§ TASK BRIEF
Skip the pictures, please, and write out exactly the lines from the opening of the data through the line containing "#1=APPLICATION_CONTEXT('core data for".

Start of INPUT FOR THIS TASK

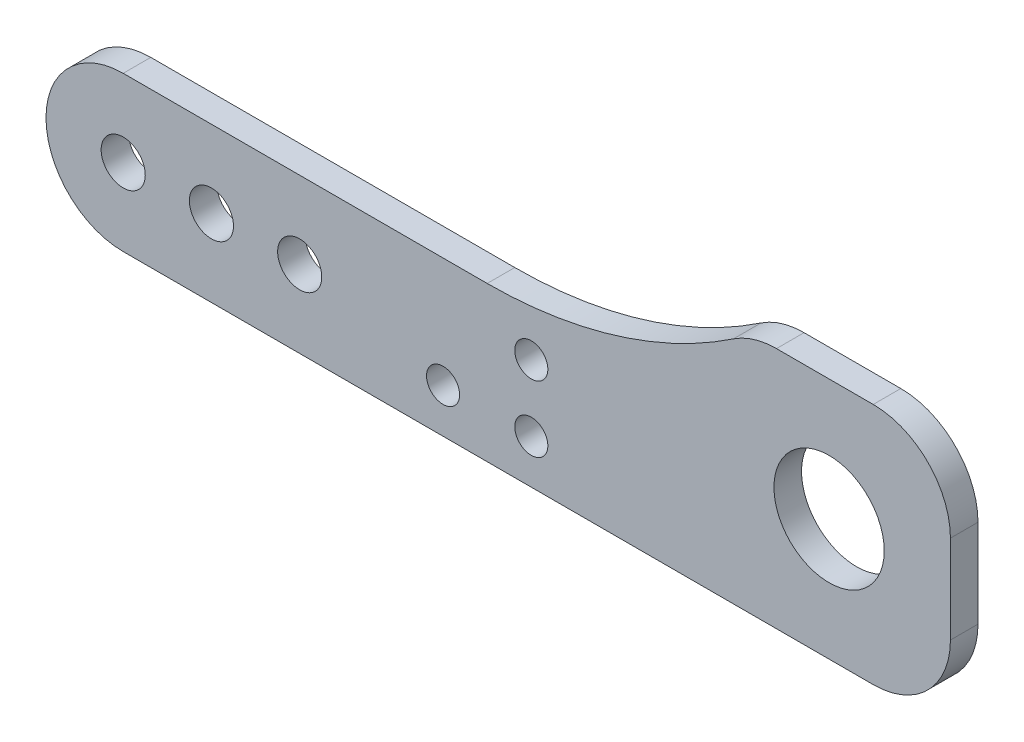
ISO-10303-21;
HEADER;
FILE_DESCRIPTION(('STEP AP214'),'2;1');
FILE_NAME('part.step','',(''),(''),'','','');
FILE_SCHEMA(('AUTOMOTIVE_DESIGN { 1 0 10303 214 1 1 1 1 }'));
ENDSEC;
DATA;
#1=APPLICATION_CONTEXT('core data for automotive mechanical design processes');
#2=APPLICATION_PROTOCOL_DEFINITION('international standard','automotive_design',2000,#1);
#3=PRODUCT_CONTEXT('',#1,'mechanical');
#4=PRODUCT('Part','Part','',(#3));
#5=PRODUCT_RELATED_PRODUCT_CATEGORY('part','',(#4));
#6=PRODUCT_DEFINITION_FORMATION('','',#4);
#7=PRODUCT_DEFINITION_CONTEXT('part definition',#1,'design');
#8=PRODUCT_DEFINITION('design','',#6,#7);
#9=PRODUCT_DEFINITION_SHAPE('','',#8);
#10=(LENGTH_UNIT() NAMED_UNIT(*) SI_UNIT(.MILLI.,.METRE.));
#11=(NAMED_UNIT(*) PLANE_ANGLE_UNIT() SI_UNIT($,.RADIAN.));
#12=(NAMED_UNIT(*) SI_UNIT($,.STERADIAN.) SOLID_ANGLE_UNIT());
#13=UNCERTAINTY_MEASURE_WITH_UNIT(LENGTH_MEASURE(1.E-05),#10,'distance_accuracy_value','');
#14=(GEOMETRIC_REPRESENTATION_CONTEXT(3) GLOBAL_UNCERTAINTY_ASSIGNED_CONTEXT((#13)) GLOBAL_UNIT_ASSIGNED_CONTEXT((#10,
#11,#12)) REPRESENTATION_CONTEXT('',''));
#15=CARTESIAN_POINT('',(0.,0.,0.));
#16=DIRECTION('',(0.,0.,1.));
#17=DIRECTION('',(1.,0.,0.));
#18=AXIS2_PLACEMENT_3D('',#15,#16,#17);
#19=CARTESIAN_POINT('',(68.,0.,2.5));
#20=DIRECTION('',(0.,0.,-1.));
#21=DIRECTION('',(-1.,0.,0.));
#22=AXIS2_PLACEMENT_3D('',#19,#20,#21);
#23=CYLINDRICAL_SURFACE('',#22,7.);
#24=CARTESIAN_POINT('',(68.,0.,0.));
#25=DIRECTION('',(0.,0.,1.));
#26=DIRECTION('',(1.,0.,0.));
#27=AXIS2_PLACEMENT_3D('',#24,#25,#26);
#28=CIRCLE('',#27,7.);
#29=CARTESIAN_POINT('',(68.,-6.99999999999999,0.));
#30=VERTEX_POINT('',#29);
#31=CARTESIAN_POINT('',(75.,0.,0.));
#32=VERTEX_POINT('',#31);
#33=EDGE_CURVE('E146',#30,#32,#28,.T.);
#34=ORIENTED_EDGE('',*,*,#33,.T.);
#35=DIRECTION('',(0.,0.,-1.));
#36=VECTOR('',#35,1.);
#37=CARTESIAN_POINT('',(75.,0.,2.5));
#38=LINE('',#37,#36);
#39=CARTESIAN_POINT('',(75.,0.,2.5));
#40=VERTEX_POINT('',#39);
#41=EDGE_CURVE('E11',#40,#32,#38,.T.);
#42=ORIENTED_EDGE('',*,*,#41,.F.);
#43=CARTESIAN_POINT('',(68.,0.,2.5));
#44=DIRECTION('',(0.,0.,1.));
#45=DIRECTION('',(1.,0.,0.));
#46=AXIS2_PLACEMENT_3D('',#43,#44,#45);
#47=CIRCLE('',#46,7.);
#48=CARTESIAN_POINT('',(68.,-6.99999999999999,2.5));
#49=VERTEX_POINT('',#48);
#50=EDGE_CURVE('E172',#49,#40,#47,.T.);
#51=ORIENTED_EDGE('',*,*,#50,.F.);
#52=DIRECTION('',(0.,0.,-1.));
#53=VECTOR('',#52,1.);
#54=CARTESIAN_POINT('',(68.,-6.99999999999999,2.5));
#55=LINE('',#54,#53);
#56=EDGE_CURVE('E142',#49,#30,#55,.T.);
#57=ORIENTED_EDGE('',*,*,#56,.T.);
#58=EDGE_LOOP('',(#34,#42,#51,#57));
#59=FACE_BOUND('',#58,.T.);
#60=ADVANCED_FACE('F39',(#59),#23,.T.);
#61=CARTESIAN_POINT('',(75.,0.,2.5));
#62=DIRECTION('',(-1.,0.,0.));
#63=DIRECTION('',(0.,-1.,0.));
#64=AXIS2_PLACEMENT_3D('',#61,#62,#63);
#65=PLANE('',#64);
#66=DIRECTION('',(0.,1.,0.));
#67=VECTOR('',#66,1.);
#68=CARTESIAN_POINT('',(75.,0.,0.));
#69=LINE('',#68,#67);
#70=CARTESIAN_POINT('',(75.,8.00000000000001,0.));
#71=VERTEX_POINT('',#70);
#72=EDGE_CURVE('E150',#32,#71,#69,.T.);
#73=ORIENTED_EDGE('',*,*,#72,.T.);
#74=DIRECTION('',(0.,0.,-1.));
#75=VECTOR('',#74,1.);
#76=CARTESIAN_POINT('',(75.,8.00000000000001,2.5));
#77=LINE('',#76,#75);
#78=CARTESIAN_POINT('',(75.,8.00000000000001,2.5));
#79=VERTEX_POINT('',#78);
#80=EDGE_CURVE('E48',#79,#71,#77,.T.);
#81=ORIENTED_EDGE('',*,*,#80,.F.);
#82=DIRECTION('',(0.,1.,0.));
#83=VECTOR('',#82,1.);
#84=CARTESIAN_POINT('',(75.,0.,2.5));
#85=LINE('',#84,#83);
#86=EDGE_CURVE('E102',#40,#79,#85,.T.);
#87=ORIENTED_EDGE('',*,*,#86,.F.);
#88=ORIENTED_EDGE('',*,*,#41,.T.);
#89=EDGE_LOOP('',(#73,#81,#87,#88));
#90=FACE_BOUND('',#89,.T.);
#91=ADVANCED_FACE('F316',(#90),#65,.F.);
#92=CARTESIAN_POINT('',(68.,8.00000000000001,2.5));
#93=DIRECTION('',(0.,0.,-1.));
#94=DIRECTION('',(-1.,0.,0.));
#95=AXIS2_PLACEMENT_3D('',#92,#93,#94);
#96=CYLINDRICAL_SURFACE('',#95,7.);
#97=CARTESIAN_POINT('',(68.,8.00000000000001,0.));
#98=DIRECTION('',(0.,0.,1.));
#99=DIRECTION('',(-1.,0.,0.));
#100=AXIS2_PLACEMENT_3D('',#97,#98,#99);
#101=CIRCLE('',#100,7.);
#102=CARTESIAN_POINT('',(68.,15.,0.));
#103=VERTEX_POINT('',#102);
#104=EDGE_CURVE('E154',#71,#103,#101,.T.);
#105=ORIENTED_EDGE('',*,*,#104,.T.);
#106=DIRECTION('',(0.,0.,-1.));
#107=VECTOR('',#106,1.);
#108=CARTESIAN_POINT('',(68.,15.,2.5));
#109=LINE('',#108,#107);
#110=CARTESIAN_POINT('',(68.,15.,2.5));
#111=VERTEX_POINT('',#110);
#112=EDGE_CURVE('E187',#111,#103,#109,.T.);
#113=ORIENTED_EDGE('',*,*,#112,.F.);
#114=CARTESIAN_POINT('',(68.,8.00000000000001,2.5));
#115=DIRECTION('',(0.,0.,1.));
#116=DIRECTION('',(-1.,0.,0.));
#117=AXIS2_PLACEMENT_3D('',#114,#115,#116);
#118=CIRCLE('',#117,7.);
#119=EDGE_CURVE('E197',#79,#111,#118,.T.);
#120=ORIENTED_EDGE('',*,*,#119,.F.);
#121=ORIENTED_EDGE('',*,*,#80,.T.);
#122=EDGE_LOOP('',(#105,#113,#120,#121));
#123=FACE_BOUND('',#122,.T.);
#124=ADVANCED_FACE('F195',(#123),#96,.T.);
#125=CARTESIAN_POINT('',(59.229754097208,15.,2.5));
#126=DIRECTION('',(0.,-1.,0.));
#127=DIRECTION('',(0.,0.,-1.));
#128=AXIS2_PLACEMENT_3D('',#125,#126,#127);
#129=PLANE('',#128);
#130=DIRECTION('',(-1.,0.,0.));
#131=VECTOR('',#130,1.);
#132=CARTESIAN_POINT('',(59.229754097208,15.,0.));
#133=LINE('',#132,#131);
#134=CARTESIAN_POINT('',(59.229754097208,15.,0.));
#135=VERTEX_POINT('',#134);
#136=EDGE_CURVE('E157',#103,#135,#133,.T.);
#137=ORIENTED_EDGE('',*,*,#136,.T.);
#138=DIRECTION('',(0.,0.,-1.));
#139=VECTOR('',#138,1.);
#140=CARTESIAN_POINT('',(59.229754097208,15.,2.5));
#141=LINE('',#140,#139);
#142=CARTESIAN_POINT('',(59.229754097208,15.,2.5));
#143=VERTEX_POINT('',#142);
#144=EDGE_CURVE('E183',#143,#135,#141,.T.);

End of INPUT FOR THIS TASK

§ WRITTEN REPLY
ISO-10303-21;
HEADER;
FILE_DESCRIPTION(('STEP AP214'),'2;1');
FILE_NAME('part.step','',(''),(''),'','','');
FILE_SCHEMA(('AUTOMOTIVE_DESIGN { 1 0 10303 214 1 1 1 1 }'));
ENDSEC;
DATA;
#1=APPLICATION_CONTEXT('core data for automotive mechanical design processes');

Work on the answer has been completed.